2D IR photon echo spectroscopy reveals hydrogen bond dynamics of aromatic nitriles
Abstract
The CN vibrations of two aromatic nitriles, cinnamonitrile, PhCH
CH–CN and benzonitrile, PhCN, representative of components of common enzyme inhibitors, are examined by two-dimensional infrared spectroscopy. In methanol, these spectra display cross peaks between the two CN components whose evolution exposes the few picosecond (4.5 ps for CIN and 5.3 ps for BN) equilibrium dynamics of hydrogen bond making and breaking. The main features of the 2D IR spectra are reproduced by simulations only when exchange is incorporated. The lowest free energy state is the non-hydrogen bonded form. Both alkyl and aryl nitriles have now shown this picosecond exchange process.
Graphical abstract
The CN vibrations of cinnamonitrile and benzonitrile in methanol are examined by two-dimensional infrared spectroscopy to study hydrogen bond exchange.
Introduction
The vibrational spectra of nitriles have been useful as probes of the local structures [1], [2], [3], [4], [5], electric fields [6], [7], [8], [9], and solvent dynamics [10], [11], [12]. These localized –C
N transitions are sharp enough that small changes in frequency can be readily quantified.
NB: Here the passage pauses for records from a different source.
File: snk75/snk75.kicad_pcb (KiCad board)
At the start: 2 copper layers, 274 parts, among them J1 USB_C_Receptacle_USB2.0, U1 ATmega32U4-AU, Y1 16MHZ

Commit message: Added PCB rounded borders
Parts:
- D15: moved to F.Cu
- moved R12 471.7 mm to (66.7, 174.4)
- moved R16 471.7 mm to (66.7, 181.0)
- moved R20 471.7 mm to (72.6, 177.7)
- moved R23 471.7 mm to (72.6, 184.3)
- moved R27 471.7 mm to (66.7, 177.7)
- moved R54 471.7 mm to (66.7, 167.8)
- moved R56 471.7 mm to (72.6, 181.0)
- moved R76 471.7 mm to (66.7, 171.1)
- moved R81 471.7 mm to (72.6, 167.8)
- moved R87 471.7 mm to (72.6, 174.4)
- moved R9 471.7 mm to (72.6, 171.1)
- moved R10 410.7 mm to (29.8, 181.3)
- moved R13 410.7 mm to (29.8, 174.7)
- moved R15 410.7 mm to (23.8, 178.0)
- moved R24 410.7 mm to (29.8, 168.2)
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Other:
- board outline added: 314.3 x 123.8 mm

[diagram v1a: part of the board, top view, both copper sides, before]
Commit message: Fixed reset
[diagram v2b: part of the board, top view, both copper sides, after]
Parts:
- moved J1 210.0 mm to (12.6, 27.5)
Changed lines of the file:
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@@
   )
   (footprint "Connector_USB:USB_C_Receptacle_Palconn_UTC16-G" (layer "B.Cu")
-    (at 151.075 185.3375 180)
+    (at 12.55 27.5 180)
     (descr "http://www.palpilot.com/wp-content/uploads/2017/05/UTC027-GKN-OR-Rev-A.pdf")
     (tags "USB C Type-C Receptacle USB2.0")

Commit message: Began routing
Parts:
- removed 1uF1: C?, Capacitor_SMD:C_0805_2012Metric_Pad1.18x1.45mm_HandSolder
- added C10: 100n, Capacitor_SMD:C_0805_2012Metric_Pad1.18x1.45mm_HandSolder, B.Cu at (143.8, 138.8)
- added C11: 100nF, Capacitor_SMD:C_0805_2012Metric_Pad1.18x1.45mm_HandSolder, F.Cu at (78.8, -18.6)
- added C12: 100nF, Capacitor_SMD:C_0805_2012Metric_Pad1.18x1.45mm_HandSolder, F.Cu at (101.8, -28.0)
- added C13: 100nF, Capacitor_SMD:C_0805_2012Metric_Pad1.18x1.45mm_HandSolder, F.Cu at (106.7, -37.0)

Furthermore, nitriles are readily introduced into proteins [7], [8], [13] and peptides [3], [4], [14] where they have transitions that are considerably removed from the peptide backbone infrared absorption. The physical origins of the nitrile peak shifts and line shapes have been examined theoretically [15], [16], [17], [18]. For protein studies, the ability to connect the spectral shapes and frequencies of vibrational probes to specific structural and dynamical features remains an important challenge. The 2D IR experiments can help to clarify these processes and advance the applicability of nitriles as probes.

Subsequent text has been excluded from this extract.